Não sabemos até quando a SELIC continuará alta como agora. Na nossa opinião, deve cair bem antes do esperado, mas qualquer investidor mais velho de guerra sabe que o juros, ainda mais no Brasil, pode dar um cavalo de pau e surpreender até as leituras mais conservadoras.

No 4T22, estamos falando de uma dívida que custou a Ambipar 51% de todo o seu resultado operacional, veja, de um EBITDA de R$ 350 milhões, R$ 180 milhões foi utilizado para pagar sua dívida. Tirando impostos e demais linhas de custos, sobrou para a empresa somente R$ 23 milhões, que foi o seu lucro líquido. A expectativa caso o juros caia, é que boa parte desse custo com dívida deixa de existir e se torne lucro, mas o investidor inteligente não conta com os ovos da galinhas, mas trabalha principalmente as alternativas caso a galinha não faça o que era esperado.

Uma empresa fantástica, sem sombra de dúvidas, mas em um momento sombrio da economia com um juros explosivo. Se você gosta da companhia, monitore com muito carinho e ceticismo sua alavancagem. Mantras como “caiu comprou” não agregam em nada e empresas são organismos vivos que inclusive cometem erros. Gostamos bastante do resultado operacional que vem crescendo em ritmo acelerado, mas a dívida, mesmo que com boa estrutura e de uma companhia com operacional impecável, deve ser analisada com atenção e sem viés de perfeição. Talvez seja uma das tantas que gere bons resultados quando o juros caírem e sobrar mais dinheiro na linha de lucro.

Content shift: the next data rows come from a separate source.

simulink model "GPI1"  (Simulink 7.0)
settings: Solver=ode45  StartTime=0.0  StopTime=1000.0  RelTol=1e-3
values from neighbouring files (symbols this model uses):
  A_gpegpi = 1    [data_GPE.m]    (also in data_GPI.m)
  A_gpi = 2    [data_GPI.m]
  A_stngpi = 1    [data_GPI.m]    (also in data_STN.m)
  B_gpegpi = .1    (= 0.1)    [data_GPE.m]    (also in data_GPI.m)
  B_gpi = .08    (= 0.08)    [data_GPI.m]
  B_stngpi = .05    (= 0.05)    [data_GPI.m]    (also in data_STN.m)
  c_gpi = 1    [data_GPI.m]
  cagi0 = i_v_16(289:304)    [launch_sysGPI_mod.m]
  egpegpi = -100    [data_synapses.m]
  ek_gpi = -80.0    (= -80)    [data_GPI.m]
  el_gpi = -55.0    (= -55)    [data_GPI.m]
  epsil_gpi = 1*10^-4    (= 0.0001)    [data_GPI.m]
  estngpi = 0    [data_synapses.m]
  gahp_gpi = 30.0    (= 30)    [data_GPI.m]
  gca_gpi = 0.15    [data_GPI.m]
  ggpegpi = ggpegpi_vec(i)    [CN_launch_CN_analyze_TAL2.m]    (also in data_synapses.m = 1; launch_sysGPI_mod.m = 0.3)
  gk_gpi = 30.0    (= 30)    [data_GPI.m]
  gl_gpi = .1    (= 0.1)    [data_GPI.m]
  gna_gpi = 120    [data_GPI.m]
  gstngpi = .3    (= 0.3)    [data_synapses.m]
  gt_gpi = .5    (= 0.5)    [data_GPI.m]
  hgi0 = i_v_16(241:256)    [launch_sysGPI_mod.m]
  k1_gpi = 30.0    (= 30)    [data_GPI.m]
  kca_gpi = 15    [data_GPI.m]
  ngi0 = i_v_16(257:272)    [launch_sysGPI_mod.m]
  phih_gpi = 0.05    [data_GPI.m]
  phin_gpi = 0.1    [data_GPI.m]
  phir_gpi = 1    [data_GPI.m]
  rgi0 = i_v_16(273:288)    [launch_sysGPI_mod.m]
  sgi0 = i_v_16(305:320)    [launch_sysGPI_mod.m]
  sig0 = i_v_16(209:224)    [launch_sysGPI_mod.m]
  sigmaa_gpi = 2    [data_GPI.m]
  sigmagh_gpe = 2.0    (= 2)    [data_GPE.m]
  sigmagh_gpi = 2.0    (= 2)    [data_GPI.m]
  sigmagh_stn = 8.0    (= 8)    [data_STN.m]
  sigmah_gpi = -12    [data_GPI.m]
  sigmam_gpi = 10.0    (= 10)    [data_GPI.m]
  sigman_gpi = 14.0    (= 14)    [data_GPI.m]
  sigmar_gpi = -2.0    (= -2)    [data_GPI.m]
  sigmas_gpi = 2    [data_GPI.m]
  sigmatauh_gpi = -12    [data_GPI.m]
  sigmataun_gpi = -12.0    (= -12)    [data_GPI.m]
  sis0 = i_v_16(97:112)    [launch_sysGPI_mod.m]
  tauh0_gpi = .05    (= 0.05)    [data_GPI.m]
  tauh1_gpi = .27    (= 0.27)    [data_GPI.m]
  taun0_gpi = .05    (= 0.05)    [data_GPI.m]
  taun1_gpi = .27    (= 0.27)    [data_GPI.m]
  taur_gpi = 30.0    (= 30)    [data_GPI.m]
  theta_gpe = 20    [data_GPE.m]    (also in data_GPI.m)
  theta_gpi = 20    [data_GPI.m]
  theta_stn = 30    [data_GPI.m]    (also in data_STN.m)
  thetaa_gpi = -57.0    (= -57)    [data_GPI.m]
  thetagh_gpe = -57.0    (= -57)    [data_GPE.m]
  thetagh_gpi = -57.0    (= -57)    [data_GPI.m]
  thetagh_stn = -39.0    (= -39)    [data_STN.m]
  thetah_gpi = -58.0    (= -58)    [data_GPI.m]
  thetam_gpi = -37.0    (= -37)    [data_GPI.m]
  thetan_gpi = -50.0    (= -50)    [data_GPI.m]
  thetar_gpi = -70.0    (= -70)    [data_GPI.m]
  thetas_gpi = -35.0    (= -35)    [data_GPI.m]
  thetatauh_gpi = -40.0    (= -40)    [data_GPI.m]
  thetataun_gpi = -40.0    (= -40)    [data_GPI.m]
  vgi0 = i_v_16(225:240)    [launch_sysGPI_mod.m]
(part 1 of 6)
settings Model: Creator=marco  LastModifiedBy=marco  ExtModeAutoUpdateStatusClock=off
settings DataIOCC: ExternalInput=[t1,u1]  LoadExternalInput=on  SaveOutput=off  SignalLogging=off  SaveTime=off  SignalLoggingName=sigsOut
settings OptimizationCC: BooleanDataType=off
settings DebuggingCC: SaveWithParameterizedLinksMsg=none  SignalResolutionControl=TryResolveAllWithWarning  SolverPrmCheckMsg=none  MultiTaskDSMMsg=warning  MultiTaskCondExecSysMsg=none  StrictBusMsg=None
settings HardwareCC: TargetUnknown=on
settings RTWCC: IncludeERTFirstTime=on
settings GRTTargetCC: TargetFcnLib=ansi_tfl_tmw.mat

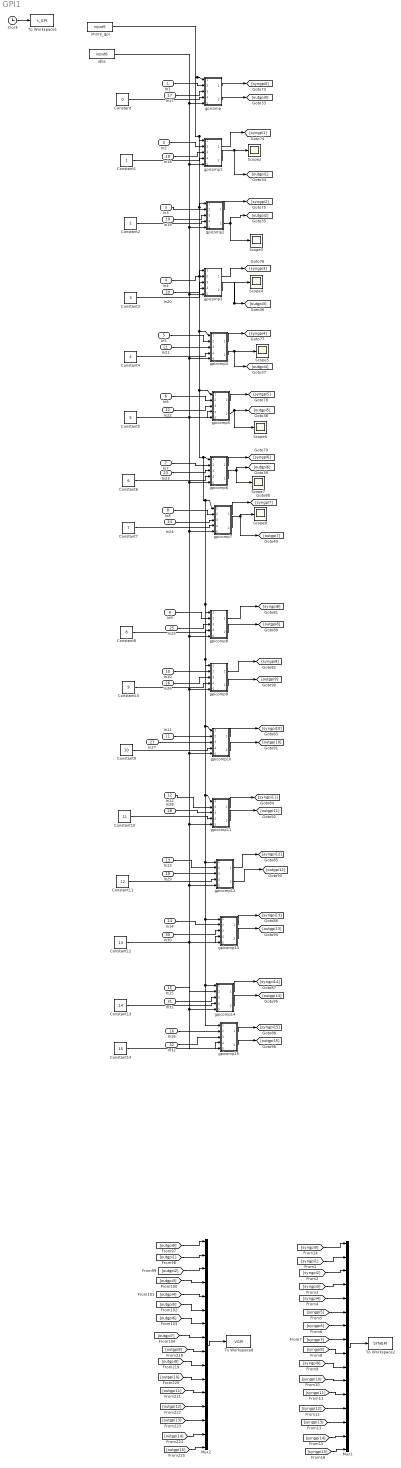
== system GPI1 ==
  In1 : Inport  OutDataType=sfix(16)  OutScaling=2^0
  In2 : Inport  Port=2  OutDataType=sfix(16)  OutScaling=2^0
  In3 : Inport  Port=3  OutDataType=sfix(16)  OutScaling=2^0
  In4 : Inport  Port=4  OutDataType=sfix(16)  OutScaling=2^0
  In5 : Inport  Port=5  OutDataType=sfix(16)  OutScaling=2^0
  In6 : Inport  Port=6  OutDataType=sfix(16)  OutScaling=2^0
  In7 : Inport  Port=7  OutDataType=sfix(16)  OutScaling=2^0
  In8 : Inport  Port=8  OutDataType=sfix(16)  OutScaling=2^0
  In9 : Inport  Port=9  OutDataType=sfix(16)  OutScaling=2^0
  In10 : Inport  Port=10  OutDataType=sfix(16)  OutScaling=2^0
  In11 : Inport  Port=11  OutDataType=sfix(16)  OutScaling=2^0
  In12 : Inport  Port=12  OutDataType=sfix(16)  OutScaling=2^0
  In13 : Inport  Port=13  OutDataType=sfix(16)  OutScaling=2^0
  In14 : Inport  Port=14  OutDataType=sfix(16)  OutScaling=2^0
  In15 : Inport  Port=15  OutDataType=sfix(16)  OutScaling=2^0
  In16 : Inport  Port=16  OutDataType=sfix(16)  OutScaling=2^0
  In17 : Inport  Port=17  OutDataType=sfix(16)  OutScaling=2^0
  In18 : Inport  Port=18  OutDataType=sfix(16)  OutScaling=2^0
  In19 : Inport  Port=19  OutDataType=sfix(16)  OutScaling=2^0
  In20 : Inport  Port=20  OutDataType=sfix(16)  OutScaling=2^0
  In21 : Inport  Port=21  OutDataType=sfix(16)  OutScaling=2^0
  In22 : Inport  Port=22  OutDataType=sfix(16)  OutScaling=2^0
  In23 : Inport  Port=23  OutDataType=sfix(16)  OutScaling=2^0
  In24 : Inport  Port=24  OutDataType=sfix(16)  OutScaling=2^0
  In25 : Inport  Port=25  OutDataType=sfix(16)  OutScaling=2^0
  In26 : Inport  Port=26  OutDataType=sfix(16)  OutScaling=2^0
  In27 : Inport  Port=27  OutDataType=sfix(16)  OutScaling=2^0
  In28 : Inport  Port=28  OutDataType=sfix(16)  OutScaling=2^0
  In29 : Inport  Port=29  OutDataType=sfix(16)  OutScaling=2^0
  In30 : Inport  Port=30  OutDataType=sfix(16)  OutScaling=2^0
  In31 : Inport  Port=31  OutDataType=sfix(16)  OutScaling=2^0
  In32 : Inport  Port=32  OutDataType=sfix(16)  OutScaling=2^0
  Clock : Clock
      settings: Decimation=10
  Constant : Constant  Value=0  OutDataType=sfix(16)  OutScaling=2^0
  Constant1 : Constant  OutDataType=sfix(16)  OutScaling=2^0
  Constant10 : Constant  Value=11  OutDataType=sfix(16)  OutScaling=2^0
  Constant11 : Constant  Value=12  OutDataType=sfix(16)  OutScaling=2^0
  Constant12 : Constant  Value=13  OutDataType=sfix(16)  OutScaling=2^0
  Constant13 : Constant  Value=14  OutDataType=sfix(16)  OutScaling=2^0
  Constant14 : Constant  Value=15  OutDataType=sfix(16)  OutScaling=2^0
  Constant15 : Constant  Value=9  OutDataType=sfix(16)  OutScaling=2^0
  Constant2 : Constant  Value=2  OutDataType=sfix(16)  OutScaling=2^0
  Constant3 : Constant  Value=3  OutDataType=sfix(16)  OutScaling=2^0
  Constant4 : Constant  Value=4  OutDataType=sfix(16)  OutScaling=2^0
  Constant5 : Constant  Value=5  OutDataType=sfix(16)  OutScaling=2^0
  Constant6 : Constant  Value=6  OutDataType=sfix(16)  OutScaling=2^0
  Constant7 : Constant  Value=7  OutDataType=sfix(16)  OutScaling=2^0
  Constant8 : Constant  Value=8  OutDataType=sfix(16)  OutScaling=2^0
  Constant9 : Constant  Value=10  OutDataType=sfix(16)  OutScaling=2^0
  Mux1 : Mux  Inputs=16
  Mux2 : Mux  Inputs=16
  Scope{2..8} (7 alike) : Scope
      Scope2 settings: YMin=-90  YMax=60  SaveName=ScopeData2
      Scope3 settings: YMin=-90  YMax=60  SaveName=ScopeData3
      Scope4 settings: YMin=-90  YMax=60  SaveName=ScopeData4
      Scope5 settings: SaveName=ScopeData5
      Scope6 settings: YMin=-90  YMax=60  SaveName=ScopeData6
      Scope7 settings: SaveName=ScopeData7
      Scope8 settings: YMin=-90  YMax=60  SaveName=ScopeData8
  To Workspace1 : ToWorkspace  VariableName=t_GPI  SampleTime=-1  SaveFormat=Array
  To Workspace2 : ToWorkspace  VariableName=SYNGPI  SampleTime=-1  SaveFormat=Array
  To Workspace8 : ToWorkspace  VariableName=VGPI  SampleTime=-1  SaveFormat=Array
  gpicomp : Subsystem
  gpicomp1 : Subsystem
  gpicomp10 : Subsystem
  gpicomp11 : Subsystem
  gpicomp12 : Subsystem
  gpicomp13 : Subsystem
  gpicomp14 : Subsystem
  gpicomp15 : Subsystem
  gpicomp2 : Subsystem
  gpicomp3 : Subsystem
  gpicomp4 : Subsystem
  gpicomp5 : Subsystem
  gpicomp6 : Subsystem
  gpicomp7 : Subsystem
  gpicomp8 : Subsystem
  gpicomp9 : Subsystem
  idbs : FromWorkspace  VariableName=input6  SampleTime=0.01
  imore_gpi : FromWorkspace  VariableName=input5  SampleTime=1
  wires:
  Clock/1 -> To Workspace1/1
  gpicomp6/2(Out2) -> Scope7/1, [outgpi6]
  gpicomp5/2(Out2) -> Scope6/1, [outgpi5]
  gpicomp4/2(Out2) -> Scope5/1, [outgpi4]
  gpicomp3/2(Out2) -> Scope4/1, [outgpi3]
  gpicomp/2(Out2) -> [outgpi0]
  gpicomp2/2(Out2) -> Scope3/1, [outgpi2]
  gpicomp1/2(Out2) -> Scope2/1, [outgpi1]
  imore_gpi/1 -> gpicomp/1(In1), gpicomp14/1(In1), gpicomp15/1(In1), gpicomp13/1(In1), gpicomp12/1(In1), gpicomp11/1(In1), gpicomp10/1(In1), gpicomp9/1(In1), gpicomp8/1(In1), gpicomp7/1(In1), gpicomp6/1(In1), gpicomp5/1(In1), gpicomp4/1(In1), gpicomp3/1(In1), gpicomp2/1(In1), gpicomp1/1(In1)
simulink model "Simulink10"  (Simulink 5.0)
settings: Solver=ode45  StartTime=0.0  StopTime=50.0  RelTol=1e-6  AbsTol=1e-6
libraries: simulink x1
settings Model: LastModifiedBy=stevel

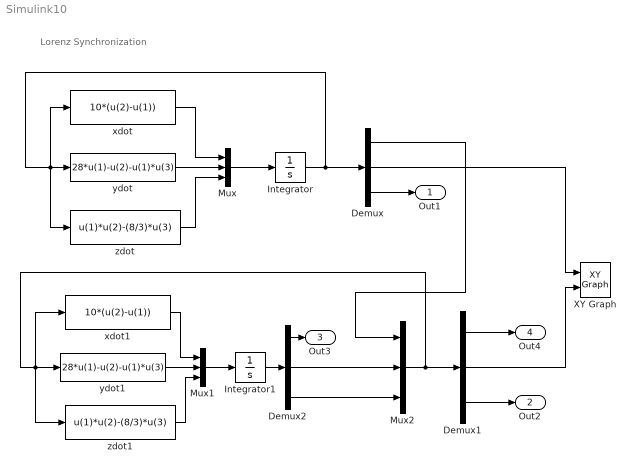
== system Simulink10 ==
  note: Lorenz Synchronization
  Demux : Demux  Outputs=3
  Demux1 : Demux  Outputs=3
  Demux2 : Demux  Outputs=3
  Integrator : Integrator  InitialCondition=[15 20 30]  UpperSaturationLimit=50  LowerSaturationLimit=0
  Integrator1 : Integrator  InitialCondition=[17 23 33]  UpperSaturationLimit=50  LowerSaturationLimit=0
  Mux : Mux  Inputs=3
  Mux1 : Mux  Inputs=3
  Mux2 : Mux  Inputs=3
  XY Graph : simulink/Sinks/XY Graph  xmin=-50  xmax=50  ymin=-50  ymax=50  st=-1
  xdot : Fcn  Description=sdhdkbkdf  Expr=10*(u(2)-u(1))
  xdot1 : Fcn  Description=sdhdkbkdf  Expr=10*(u(2)-u(1))
  ydot : Fcn  Expr=28*u(1)-u(2)-u(1)*u(3)
  ydot1 : Fcn  Expr=28*u(1)-u(2)-u(1)*u(3)
  zdot : Fcn  Expr=u(1)*u(2)-(8/3)*u(3)
  zdot1 : Fcn  Expr=u(1)*u(2)-(8/3)*u(3)
  Out1 : Outport
  Out2 : Outport  Port=2
  Out3 : Outport  Port=3
  Out4 : Outport  Port=4
  wires:
  xdot/1 -> Mux/1
  ydot/1 -> Mux/2
  zdot/1 -> Mux/3
  Mux/1 -> Integrator/1
  Integrator/1 -> ydot/1, xdot/1, zdot/1, Demux/1
  Demux/3 -> Out1/1
  xdot1/1 -> Mux1/1
  ydot1/1 -> Mux1/2
  zdot1/1 -> Mux1/3
  Mux2/1 -> Demux1/1, ydot1/1, xdot1/1, zdot1/1
  Demux1/3 -> Out2/1
  Demux/1 -> Mux2/1
  Mux1/1 -> Integrator1/1
  Integrator1/1 -> Demux2/1
  Demux2/2 -> Mux2/2
  Demux2/3 -> Mux2/3
  Demux2/1 -> Out3/1
  Demux/2 -> XY Graph/1
  Demux1/1 -> Out4/1
  Demux1/2 -> XY Graph/2

Lembrando: o conteúdo aqui postado é apenas uma breve análise e opinião sobre os principais pontos referentes ao resultado da companhia e os documentos contemplam mais pontos a serem analisados se a intenção for a tomada de decisão para realizar um investimento. Para realizar análises mais aprofundadas e aprender conosco, assista as aulas do INT. Por lá postamos a análise e opinião de dezenas de companhias que não são postadas aqui no Telegram.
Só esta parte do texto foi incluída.